De los largos pasillos de tierra que eran la frontera entre un edificio y otro, de ese olor a sobaco impregnado en los afectuosos abrazos del guatón Llanos, de la risotada contagiosa y perdida de mi padre cuando se emborrachaba, de los manteles de cocina y las manos olor a detergente de mi madre; de ahí vengo, ellos son la raíz y las razones del por qué hoy uso tacones (cercanos), falda a cuadros, y uñas de azul.
Al recorrer estas modernas calles que esconden mi niñez, no me es imposible recordar la primera vez, esa primera vez en que un macho excitado me hundió la cabeza en su selva hormonal de su entrepierna, esa primera mañana con la golpiza del semen y el tufo del amanecer. Cómo no volver a correr entre los árboles, cómo no instalarme nuevamente en el boliche de la esquina, en esas tardes primaverales en que fumaba y me creía Bette Davis.
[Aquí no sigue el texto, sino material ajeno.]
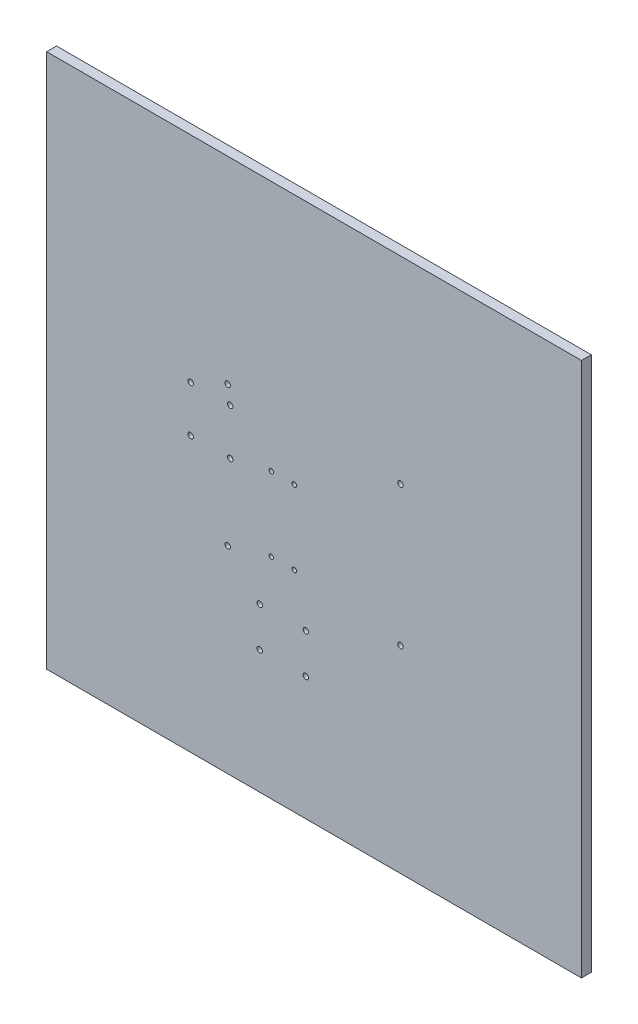
from build123d import *

# Parameters (mm, degrees)
SKETCH1_W                                = 650
SKETCH1_H                                = 650
BENCH_PLATE_DEPTH                        = 12
SKETCH2_R                                = 3.3
BENCH_M6_ANCHOR_HOLES_12X_D6P6_DEPTH     = 12
SKETCH3_R                                = 2.75
BENCH_M5_SUPPORTPOST_HOLES_4X_D5P5_DEPTH = 12


with BuildPart() as part:
    # Sketch1 → Bench_Plate (new body)
    with BuildSketch(Plane.XY):
        Rectangle(SKETCH1_W, SKETCH1_H)
    extrude(amount=BENCH_PLATE_DEPTH)

    # Sketch2 → Bench_M6_Anchor_Holes_12x_D6p6 (cut)
    with BuildSketch(Plane.XY.offset(12)):
        with Locations((-105, -85)):
            Circle(SKETCH2_R)
        with Locations((-105, 85)):
            Circle(SKETCH2_R)
        with Locations((105, -85)):
            Circle(SKETCH2_R)
        with Locations((105, 85)):
            Circle(SKETCH2_R)
        with Locations((-149.942838923, 8.5)):
            Circle(SKETCH2_R)
        with Locations((-101.942838923, 8.5)):
            Circle(SKETCH2_R)
        with Locations((-149.942838923, 64.5)):
            Circle(SKETCH2_R)
        with Locations((-101.942838923, 64.5)):
            Circle(SKETCH2_R)
        with Locations((-10, -174.995245402)):
            Circle(SKETCH2_R)
        with Locations((-10, -126.995245402)):
            Circle(SKETCH2_R)
        with Locations((-66, -174.995245402)):
            Circle(SKETCH2_R)
        with Locations((-66, -126.995245402)):
            Circle(SKETCH2_R)
    extrude(amount=-BENCH_M6_ANCHOR_HOLES_12X_D6P6_DEPTH, mode=Mode.SUBTRACT)

    # Sketch3 → Bench_M5_SupportPost_Holes_4x_D5p5 (cut)
    with BuildSketch(Plane.XY.offset(12)):
        with Locations((-52, -70)):
            Circle(SKETCH3_R)
        with Locations((-52, 20)):
            Circle(SKETCH3_R)
        with Locations((-24, -70)):
            Circle(SKETCH3_R)
        with Locations((-24, 20)):
            Circle(SKETCH3_R)
    extrude(amount=-BENCH_M5_SUPPORTPOST_HOLES_4X_D5P5_DEPTH, mode=Mode.SUBTRACT)


solid = part.part

Hoy a mis treinta abriles bien llevados, -aunque la espalda me duela más que la cresta-, y sólo con el percance de esta enfermedad, no me quejo de nada, el recuerdo lo guardo con rencor y ternura, ¿cómo voy a lanzar al basurero mi infancia?, no puedo, no puedo…y menos ahora que siento que me gritan: ¡Agrado!. Son los viejos cabros de la patota del club deportivo, siempre con la talla a flor de labios, siempre con la risa en sus pechos. Prefiero no acercarme, no quiero vivirme, ahora más que nada, sólo deseo resucitarme. De una vez por todas dejar de ser la entretención de otros, y pasar a ser mi propia entretención, quiero salir de los besos sin amor, por eso vine, por si acaso me encuentro al Ángel, mi primer amor quinceañero, mi tercera vez, y mis primeros besos con amor y olor a flagelo.